▶ ACTIVITY: Look through the records below, and whenever a line contains "from", copy it.

──────── RECORD EXCERPTS ────────

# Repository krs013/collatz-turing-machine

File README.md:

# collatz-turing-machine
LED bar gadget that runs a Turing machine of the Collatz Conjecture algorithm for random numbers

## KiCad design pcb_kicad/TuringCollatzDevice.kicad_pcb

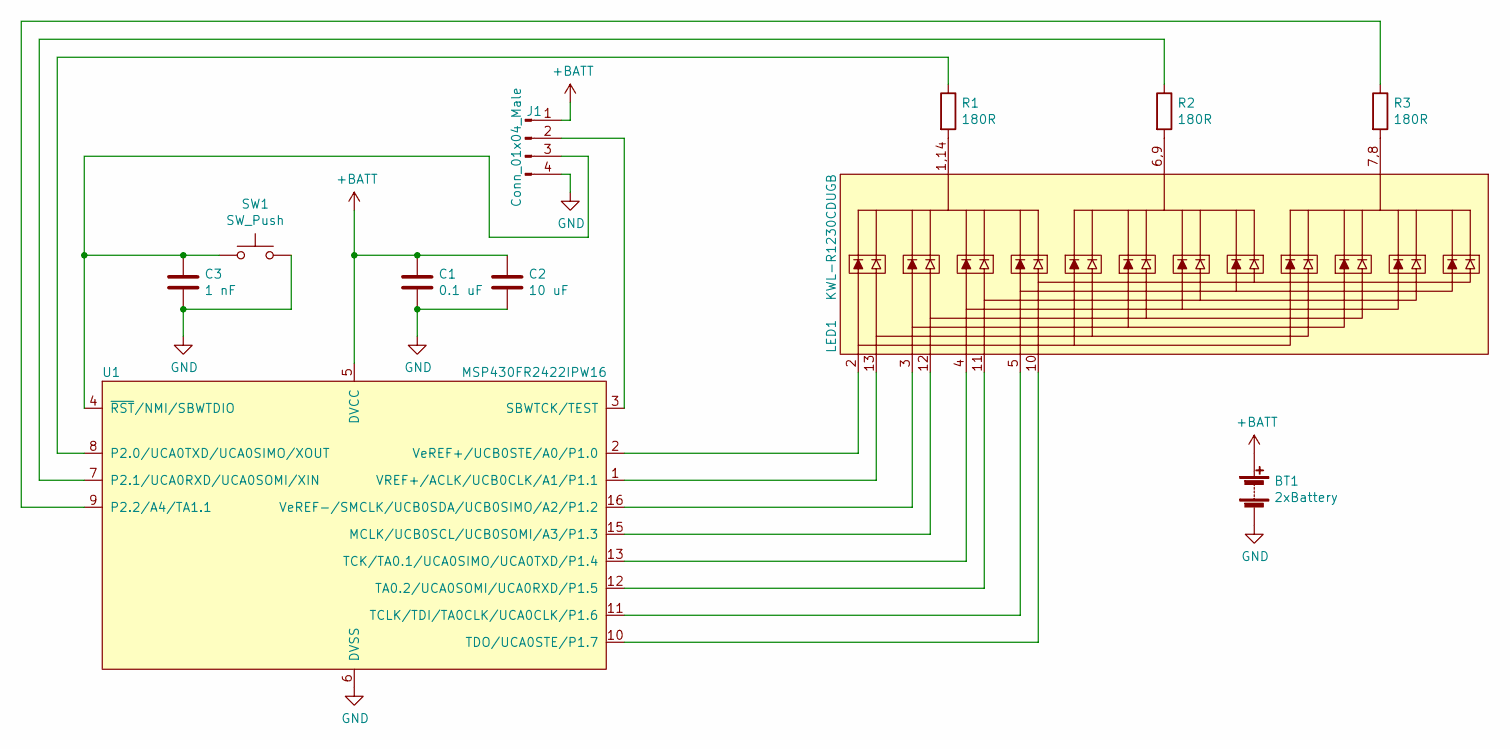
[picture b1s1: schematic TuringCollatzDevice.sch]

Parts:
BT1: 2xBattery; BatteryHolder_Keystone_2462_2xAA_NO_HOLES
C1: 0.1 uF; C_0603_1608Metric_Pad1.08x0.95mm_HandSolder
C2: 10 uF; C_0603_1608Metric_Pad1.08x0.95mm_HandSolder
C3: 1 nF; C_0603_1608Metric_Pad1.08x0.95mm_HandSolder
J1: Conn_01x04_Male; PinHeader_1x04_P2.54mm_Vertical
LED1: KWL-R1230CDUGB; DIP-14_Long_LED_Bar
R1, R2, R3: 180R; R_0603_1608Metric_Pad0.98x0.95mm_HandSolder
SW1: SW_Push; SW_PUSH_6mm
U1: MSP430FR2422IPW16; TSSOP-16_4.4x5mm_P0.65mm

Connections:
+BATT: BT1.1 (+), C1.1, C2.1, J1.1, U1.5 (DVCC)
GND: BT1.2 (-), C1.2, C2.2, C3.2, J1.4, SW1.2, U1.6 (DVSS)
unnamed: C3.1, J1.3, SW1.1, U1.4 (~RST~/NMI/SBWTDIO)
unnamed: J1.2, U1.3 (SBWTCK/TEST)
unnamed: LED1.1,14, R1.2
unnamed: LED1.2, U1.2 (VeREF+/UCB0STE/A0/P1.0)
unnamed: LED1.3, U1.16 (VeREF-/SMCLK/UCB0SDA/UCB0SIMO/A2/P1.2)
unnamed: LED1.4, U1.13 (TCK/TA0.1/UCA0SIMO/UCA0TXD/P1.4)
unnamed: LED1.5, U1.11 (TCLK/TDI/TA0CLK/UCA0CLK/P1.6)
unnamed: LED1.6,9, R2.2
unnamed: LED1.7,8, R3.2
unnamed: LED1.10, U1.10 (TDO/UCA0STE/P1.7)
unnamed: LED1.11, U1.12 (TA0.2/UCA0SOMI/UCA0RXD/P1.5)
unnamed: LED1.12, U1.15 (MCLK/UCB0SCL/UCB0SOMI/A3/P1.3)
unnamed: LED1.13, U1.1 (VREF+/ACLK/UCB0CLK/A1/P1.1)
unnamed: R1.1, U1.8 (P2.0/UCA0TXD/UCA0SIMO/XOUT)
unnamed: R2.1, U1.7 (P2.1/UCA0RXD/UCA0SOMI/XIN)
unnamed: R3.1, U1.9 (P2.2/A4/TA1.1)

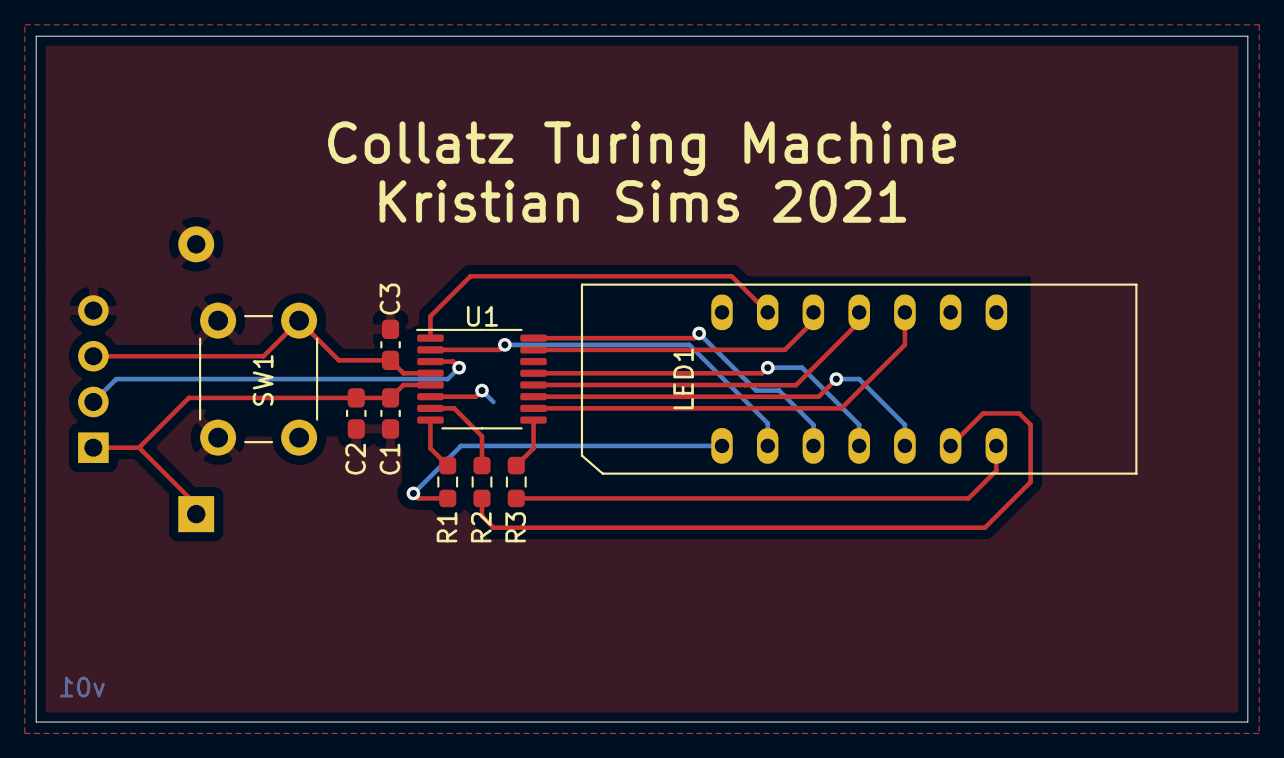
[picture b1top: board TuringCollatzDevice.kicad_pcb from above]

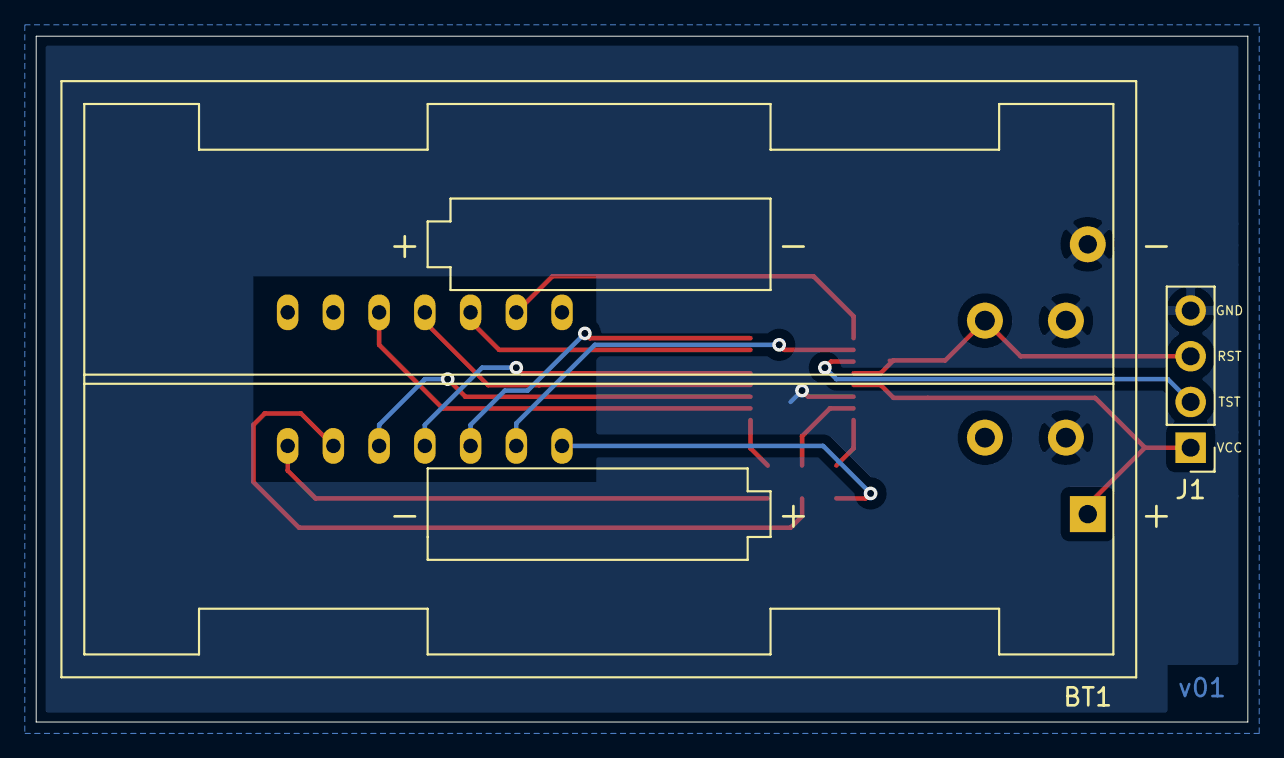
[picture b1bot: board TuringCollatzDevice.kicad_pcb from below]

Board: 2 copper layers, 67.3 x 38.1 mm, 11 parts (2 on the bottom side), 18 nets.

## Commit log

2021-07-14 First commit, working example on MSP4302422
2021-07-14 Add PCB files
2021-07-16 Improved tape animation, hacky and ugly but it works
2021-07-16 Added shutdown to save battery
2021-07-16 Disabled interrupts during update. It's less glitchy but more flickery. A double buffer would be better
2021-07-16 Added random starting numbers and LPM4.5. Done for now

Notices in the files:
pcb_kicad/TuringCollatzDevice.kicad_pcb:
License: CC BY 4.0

────────

▶ RESPONSE TO THIS EXERCISE:
[picture b1top: board TuringCollatzDevice.kicad_pcb from above]
[picture b1bot: board TuringCollatzDevice.kicad_pcb from below]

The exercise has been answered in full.